This is a continuation of my previous post on the map of the age of Brooklyn's buildings, in which I suggested that aggregating the data would bring out the geographical patterns better.
For its map illustrating the pattern of insurance coverage in several large cities across America, the New York Times team produced two versions, one using dots to plot the raw data (at the finest level, each dot represents 40 residents) and another showing aggregate data to the level of Census tracts.
We can therefore compare the two views side-by-side.
The structure of this data is similar to that of the Brooklyn map. Where Rhiel has age of buildings as the third dimension, the NYT has the insurance status of people living in Census tracts. (Given that the Census does not disclose individual responses, we know that the data is really tract-level. The "persons" being depicted can be thought of as simulated.) The NYT data poses a greater challange because it is categorical. Each "person" has one of four statuses: "uninsured", "public insurance", "private insurance" and "both public and private insurance". The last category is primarily due to aggregation to the tract level. By contrast, the Brooklyn data is "continuous" (ordinal, to be specific) in the year of construction.
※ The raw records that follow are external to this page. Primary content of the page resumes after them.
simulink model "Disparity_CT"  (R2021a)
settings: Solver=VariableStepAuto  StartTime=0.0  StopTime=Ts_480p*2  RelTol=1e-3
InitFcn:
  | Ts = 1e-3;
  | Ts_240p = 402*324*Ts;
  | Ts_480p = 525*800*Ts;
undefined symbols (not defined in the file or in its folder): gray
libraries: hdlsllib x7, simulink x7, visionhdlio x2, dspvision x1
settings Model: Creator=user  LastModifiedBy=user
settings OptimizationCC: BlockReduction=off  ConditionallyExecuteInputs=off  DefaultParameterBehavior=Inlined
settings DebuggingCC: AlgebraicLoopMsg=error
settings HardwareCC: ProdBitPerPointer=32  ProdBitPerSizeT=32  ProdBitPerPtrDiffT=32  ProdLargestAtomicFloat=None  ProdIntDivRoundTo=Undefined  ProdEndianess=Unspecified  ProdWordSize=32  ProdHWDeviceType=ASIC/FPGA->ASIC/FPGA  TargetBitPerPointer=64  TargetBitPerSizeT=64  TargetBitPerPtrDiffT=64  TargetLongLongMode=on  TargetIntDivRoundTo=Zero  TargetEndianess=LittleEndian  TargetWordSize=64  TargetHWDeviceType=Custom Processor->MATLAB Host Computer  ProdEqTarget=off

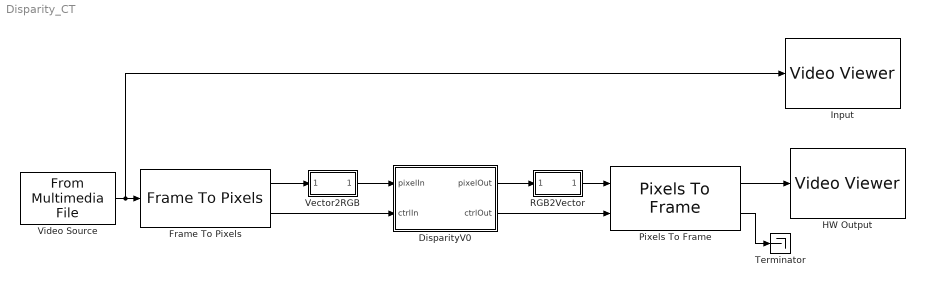
== system Disparity_CT ==
  DisparityV0 : Subsystem  TreatAsAtomicUnit=on
  Frame To Pixels : visionhdlio/Frame To Pixels  NumComponents=3  NumPixels=1  VideoFormat=480p  ActivePixelsPerLine=32  ActiveVideoLines=18  TotalPixelsPerLine=42  TotalVideoLines=28  StartingActiveLine=6  FrontPorch=5  SampleTime=0
      settings: SourceProductBaseCode=VT
  HW Output : VideoViewer  colormapValue=gray(256)  FigPos=[146 735 588 436]
  Input : VideoViewer  colormapValue=gray(256)  FigPos=[86 739 588 436]
  Pixels To Frame : visionhdlio/Pixels To Frame  NumComponents=3  NumPixels=1  VideoFormat=480p  ActivePixelsPerLine=32  ActiveVideoLines=18  TotalPixelsPerLine=42  TotalVideoLines=28
      settings: SourceProductBaseCode=VT
  RGB2Vector : Subsystem
  Terminator : Terminator
  Vector2RGB : Subsystem
  Video Source : dspvision/From Multimedia File  inputFilename=D:\Work\XilFPGAdev\Custom_IP_Cores\MathworksHDLCoder\Disparity\stereoTestimg_01_480p.bmp  readRange=[1 Inf]  loop=on  numPlays=inf  outputStreams=Video only  videoDataType=uint8  audioDataType=int16  inheritSampleTime=off  userDefinedSampleTime=Ts_480p  noAudioOutput=off  isIntensityVideo=off  fourcc=RGB  colorVideoFormat=One multidimensional signal  outputEOF=off  dataOrg=Column-major  audioFrameSize=1024  computeAudioFrameSize=off  outSamplingMode=Sample based
  wires:
  Vector2RGB/1(RGB) -> DisparityV0/1(pixelIn)
  RGB2Vector/1(RGBVector) -> Pixels To Frame/1
  Frame To Pixels/1 -> Vector2RGB/1(RGBVector)
  Frame To Pixels/2 -> DisparityV0/2(ctrlIn)
  Pixels To Frame/1 -> HW Output/1
  Pixels To Frame/2 -> Terminator/1
  Video Source/1 -> Input/1, Frame To Pixels/1
  DisparityV0/1(pixelOut) -> RGB2Vector/1(RGB)
  DisparityV0/2(ctrlOut) -> Pixels To Frame/2

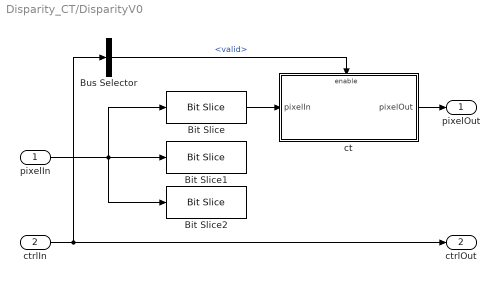
== system Disparity_CT/DisparityV0 ==
  pixelIn : Inport
  ctrlIn : Inport  Port=2
  Bit Slice : hdlsllib/Logic and Bit Operations/Bit Slice  lidx=23  ridx=16
      settings: SourceProductBaseCode=SL
  Bit Slice1 : hdlsllib/Logic and Bit Operations/Bit Slice  lidx=15  ridx=8
      settings: SourceProductBaseCode=SL
  Bit Slice2 : hdlsllib/Logic and Bit Operations/Bit Slice  lidx=7  ridx=0
      settings: SourceProductBaseCode=SL
  Bus Selector : BusSelector  OutputSignals=valid
  ct : Subsystem
  pixelOut : Outport
  ctrlOut : Outport  Port=2  VectorParamsAs1DForOutWhenUnconnected=off
  wires:
  ctrlIn/1 -> ctrlOut/1, Bus Selector/1
  Bit Slice/1 -> ct/1(pixelIn)
  Bus Selector/1 -> ct/Enable  "<valid>"
  pixelIn/1 -> Bit Slice2/1, Bit Slice1/1, Bit Slice/1
  ct/1(pixelOut) -> pixelOut/1

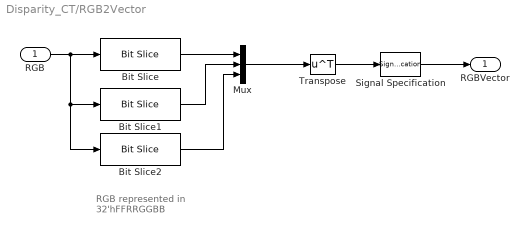
== system Disparity_CT/RGB2Vector ==
  note: RGB represented in
      | 32'hFFRRGGBB
  RGB : Inport
  Bit Slice : hdlsllib/Logic and Bit Operations/Bit Slice  lidx=23  ridx=16
      settings: SourceProductBaseCode=SL
  Bit Slice1 : hdlsllib/Logic and Bit Operations/Bit Slice  lidx=15  ridx=8
      settings: SourceProductBaseCode=SL
  Bit Slice2 : hdlsllib/Logic and Bit Operations/Bit Slice  lidx=7  ridx=0
      settings: SourceProductBaseCode=SL
  Mux : Mux  Inputs=3
  Signal Specification : SignalSpecification
  Transpose : Math  Operator=transpose  SignedPower=on  SaturateOnIntegerOverflow=on
  RGBVector : Outport  VectorParamsAs1DForOutWhenUnconnected=off
  wires:
  Mux/1 -> Transpose/1
  Bit Slice/1 -> Mux/1
  Bit Slice2/1 -> Mux/3
  Bit Slice1/1 -> Mux/2
  RGB/1 -> Bit Slice2/1, Bit Slice1/1, Bit Slice/1
  Transpose/1 -> Signal Specification/1
  Signal Specification/1 -> RGBVector/1

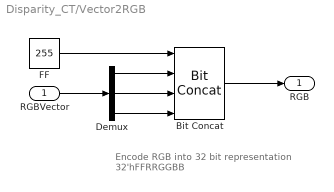
== system Disparity_CT/Vector2RGB ==
  note: Encode RGB into 32 bit representation
      | 32'hFFRRGGBB
  RGBVector : Inport
  Bit Concat : hdlsllib/Logic and Bit Operations/Bit Concat  numInputs=4
  Demux : Demux  Outputs=3
  FF : Constant  Value=255  OutDataTypeStr=uint8  SampleTime=Ts
  RGB : Outport  VectorParamsAs1DForOutWhenUnconnected=off
  wires:
  Bit Concat/1 -> RGB/1
  RGBVector/1 -> Demux/1
  FF/1 -> Bit Concat/1
  Demux/1 -> Bit Concat/2
  Demux/2 -> Bit Concat/3
  Demux/3 -> Bit Concat/4

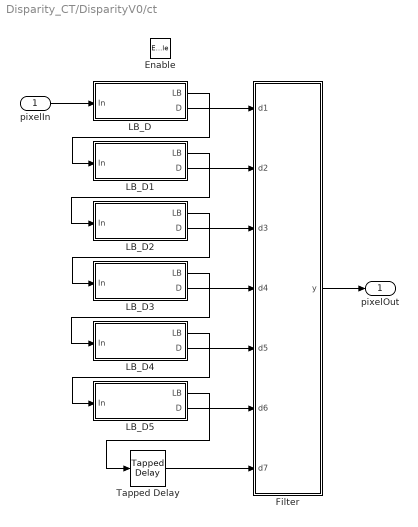
== system Disparity_CT/DisparityV0/ct ==
  pixelIn : Inport
  Enable : EnablePort
  Filter : MATLAB Function  TreatAsAtomicUnit=on
  LB_D : Subsystem
  LB_D1 : Subsystem
  LB_D2 : Subsystem
  LB_D3 : Subsystem
  LB_D4 : Subsystem
  LB_D5 : Subsystem
  Tapped Delay : simulink/Discrete/Tapped Delay  vinit=0.0  samptime=-1  NumDelays=8  DelayOrder=Oldest  includeCurrent=on
  pixelOut : Outport  InitialOutput=0
  wires:
  Filter/1(y) -> pixelOut/1
  pixelIn/1 -> LB_D/1(In)
  LB_D/1(LB) -> LB_D1/1(In)
  LB_D2/1(LB) -> LB_D3/1(In)
  LB_D1/1(LB) -> LB_D2/1(In)
  LB_D5/1(LB) -> Tapped Delay/1
  LB_D4/1(LB) -> LB_D5/1(In)
  LB_D3/1(LB) -> LB_D4/1(In)
  LB_D/2(D) -> Filter/1(d1)
  LB_D1/2(D) -> Filter/2(d2)
  LB_D2/2(D) -> Filter/3(d3)
  LB_D3/2(D) -> Filter/4(d4)
  LB_D4/2(D) -> Filter/5(d5)
  LB_D5/2(D) -> Filter/6(d6)
  Tapped Delay/1 -> Filter/7(d7)

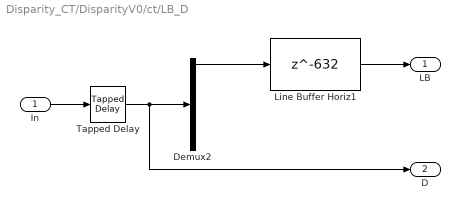
== system Disparity_CT/DisparityV0/ct/LB_D ==
  In : Inport
  Demux2 : Demux  Outputs=5
      settings: DisplayOption=none
  Line Buffer Horiz1 : Delay  DelayLength=632  InitialCondition=0
  Tapped Delay : simulink/Discrete/Tapped Delay  vinit=0.0  samptime=-1  NumDelays=8  DelayOrder=Oldest  includeCurrent=on
  LB : Outport
  D : Outport  Port=2
  wires:
  Line Buffer Horiz1/1 -> LB/1
  Tapped Delay/1 -> D/1, Demux2/1
  Demux2/1 -> Line Buffer Horiz1/1
  In/1 -> Tapped Delay/1

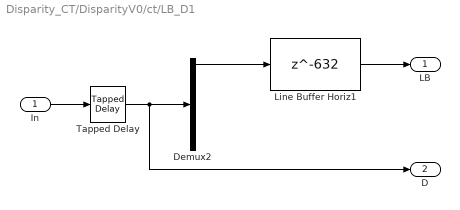
== system Disparity_CT/DisparityV0/ct/LB_D1 ==
  In : Inport
  Demux2 : Demux  Outputs=5
      settings: DisplayOption=none
  Line Buffer Horiz1 : Delay  DelayLength=632  InitialCondition=0
  Tapped Delay : simulink/Discrete/Tapped Delay  vinit=0.0  samptime=-1  NumDelays=8  DelayOrder=Oldest  includeCurrent=on
  LB : Outport
  D : Outport  Port=2
  wires:
  Line Buffer Horiz1/1 -> LB/1
  Tapped Delay/1 -> D/1, Demux2/1
  Demux2/1 -> Line Buffer Horiz1/1
  In/1 -> Tapped Delay/1

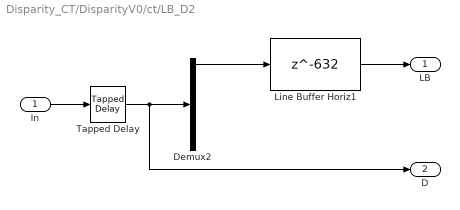
== system Disparity_CT/DisparityV0/ct/LB_D2 ==
  In : Inport
  Demux2 : Demux  Outputs=5
      settings: DisplayOption=none
  Line Buffer Horiz1 : Delay  DelayLength=632  InitialCondition=0
  Tapped Delay : simulink/Discrete/Tapped Delay  vinit=0.0  samptime=-1  NumDelays=8  DelayOrder=Oldest  includeCurrent=on
  LB : Outport
  D : Outport  Port=2
  wires:
  Line Buffer Horiz1/1 -> LB/1
  Tapped Delay/1 -> D/1, Demux2/1
  Demux2/1 -> Line Buffer Horiz1/1
  In/1 -> Tapped Delay/1

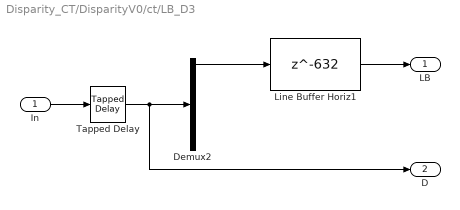
== system Disparity_CT/DisparityV0/ct/LB_D3 ==
  In : Inport
  Demux2 : Demux  Outputs=5
      settings: DisplayOption=none
  Line Buffer Horiz1 : Delay  DelayLength=632  InitialCondition=0
  Tapped Delay : simulink/Discrete/Tapped Delay  vinit=0.0  samptime=-1  NumDelays=8  DelayOrder=Oldest  includeCurrent=on
  LB : Outport
  D : Outport  Port=2
  wires:
  Line Buffer Horiz1/1 -> LB/1
  Tapped Delay/1 -> D/1, Demux2/1
  Demux2/1 -> Line Buffer Horiz1/1
  In/1 -> Tapped Delay/1

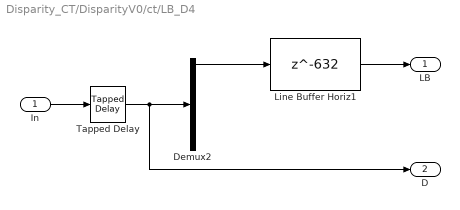
== system Disparity_CT/DisparityV0/ct/LB_D4 ==
  In : Inport
  Demux2 : Demux  Outputs=5
      settings: DisplayOption=none
  Line Buffer Horiz1 : Delay  DelayLength=632  InitialCondition=0
  Tapped Delay : simulink/Discrete/Tapped Delay  vinit=0.0  samptime=-1  NumDelays=8  DelayOrder=Oldest  includeCurrent=on
  LB : Outport
  D : Outport  Port=2
  wires:
  Line Buffer Horiz1/1 -> LB/1
  Tapped Delay/1 -> D/1, Demux2/1
  Demux2/1 -> Line Buffer Horiz1/1
  In/1 -> Tapped Delay/1

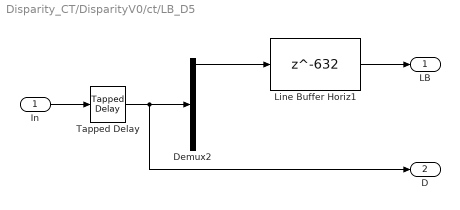
== system Disparity_CT/DisparityV0/ct/LB_D5 ==
  In : Inport
  Demux2 : Demux  Outputs=5
      settings: DisplayOption=none
  Line Buffer Horiz1 : Delay  DelayLength=632  InitialCondition=0
  Tapped Delay : simulink/Discrete/Tapped Delay  vinit=0.0  samptime=-1  NumDelays=8  DelayOrder=Oldest  includeCurrent=on
  LB : Outport
  D : Outport  Port=2
  wires:
  Line Buffer Horiz1/1 -> LB/1
  Tapped Delay/1 -> D/1, Demux2/1
  Demux2/1 -> Line Buffer Horiz1/1
  In/1 -> Tapped Delay/1

== matlab function Disparity_CT/DisparityV0/ct/Filter ==
  data: d1 input; y output; d2 input; d3 input; d4 input; d5 input; d6 input; d7 input
function y = fcn(d1,d2,d3,d4,d5,d6,d7)
d = [d1,d2,d3,d4,d5,d6,d7]'; %7x9 matrix
d = fliplr(d);
% d = fi(d,0,8,0);

c1 = d(7,9)>d(1,1);
c2 = d(7,8)>d(1,2);
c3 = d(7,7)>d(1,3);
c4 = d(7,6)>d(1,4);
c5 = d(7,5)>d(1,5);
c6 = d(7,4)>d(1,6);
c7 = d(7,3)>d(1,7);
c8 = d(7,2)>d(1,8);
c9 = d(7,1)>d(1,9);
c10 = d(6,9)>d(2,1);
c11 = d(6,8)>d(2,2);
c12 = d(6,7)>d(2,3);
c13 = d(6,6)>d(2,4);
c14 = d(6,5)>d(2,5);
c15 = d(6,4)>d(2,6);
c16 = d(6,3)>d(2,7);
c17 = d(6,2)>d(2,8);
c18 = d(6,1)>d(2,9);
c19 = d(5,9)>d(3,1);
c20 = d(5,8)>d(3,2);
c21 = d(5,7)>d(3,3);
c22 = d(5,6)>d(3,4);
c23 = d(5,5)>d(3,5);
c24 = d(5,4)>d(3,6);
c25 = d(5,3)>d(3,7);
c26 = d(5,2)>d(3,8);
c27 = d(5,1)>d(3,9);
c28 = d(4,9)>d(4,1);
c29 = d(4,8)>d(4,2);
c30 = d(4,7)>d(4,3);
c31 = d(4,6)>d(4,4);

c1 = fi(c1,0,1,0);
c2 = fi(c2,0,1,0);
c3 = fi(c3,0,1,0);
c4 = fi(c4,0,1,0);
c5 = fi(c5,0,1,0);
c6 = fi(c6,0,1,0);
c7 = fi(c7,0,1,0);
c8 = fi(c8,0,1,0);
c9 = fi(c9,0,1,0);
c10 = fi(c10,0,1,0);
c11 = fi(c11,0,1,0);
c12 = fi(c12,0,1,0);
c13 = fi(c13,0,1,0);
c14 = fi(c14,0,1,0);
c15 = fi(c15,0,1,0);
c16 = fi(c16,0,1,0);
c17 = fi(c17,0,1,0);
c18 = fi(c18,0,1,0);
c19 = fi(c19,0,1,0);
c20 = fi(c20,0,1,0);
c21 = fi(c21,0,1,0);
c22 = fi(c22,0,1,0);
c23 = fi(c23,0,1,0);
c24 = fi(c24,0,1,0);
c25 = fi(c25,0,1,0);
c26 = fi(c26,0,1,0);
c27 = fi(c27,0,1,0);
c28 = fi(c28,0,1,0);
c29 = fi(c29,0,1,0);
c30 = fi(c30,0,1,0);
c31 = fi(c31,0,1,0);

y = bitconcat(c1,c2,c3,c4,c5,c6,c7,c8,c9,c10,c11,c12,c13,c14,c15,c16,c17,c18,c19,c20,c21,c22,c23,c24,c25,c26,c27,c28,c29,c30,c31,fi(0,0,1,0));

The aggregated chart at the bottom speaks to me much more loudly. What it gives up in granularity, both at the geographical level and at the metric level, it gains in clarity and readability. The dots on the top chart end up conveying mostly information about population density across Census tracts, which distracts readers from taking in the spatial pattern of the uninsured. The chart in the bottom aggregates the data to the level of a tract. Also, instead of showing all four levels of insuredness, the chart in the bottom concentrates its energy on showing the proportion of uninsured.
In short, the chart that uses fewer elements (areas rather than dots), fewer colors, fewer individual data points ends up answering the question of "mapping uninsured Americans" more effectively. (It is a common misunderstanding that aggregation throws away data -- in fact, aggregation consumes the data.)
When designers choose to plot raw data, they often find a need to compensate for its weakness of losing the signal in the noise. One of the strategies is to produce a hover-over effect that shows aggregated statistics, like this:
Notice the connection between this and my previous comment. What the aggregated map displays are two elements of the hover-over: the boundary of the Census tract, and the first statistic (the proportion of uninsured).
In addition to the hassle of having to hover over different tracts asynchronously, the reader also loses the ability to interpret the statistics. For example, is the proportion of uninsured (21.4%) a good or bad number? The reader can't tell unless he or she has an understanding of the full range of possibilities. In the other chart, this task has been performed by the designer when constructing the legend:
This trade-off between relative and absolute metrics is one of the key decisions designers have to make all the time. Relative metrics also have problems. For instance, on the bottom chart, the reader loses the understanding of the relative population density between different Census tracts.
A similar design problem faced by Rhiel in the Brooklyn chart is whether to use the year of construction (e.g. 2003) as the metric or the age of buildings (10 years old). Rhiel chose the former while some other designer would have selected the latter.
Again, thanks for reading, and see you next year!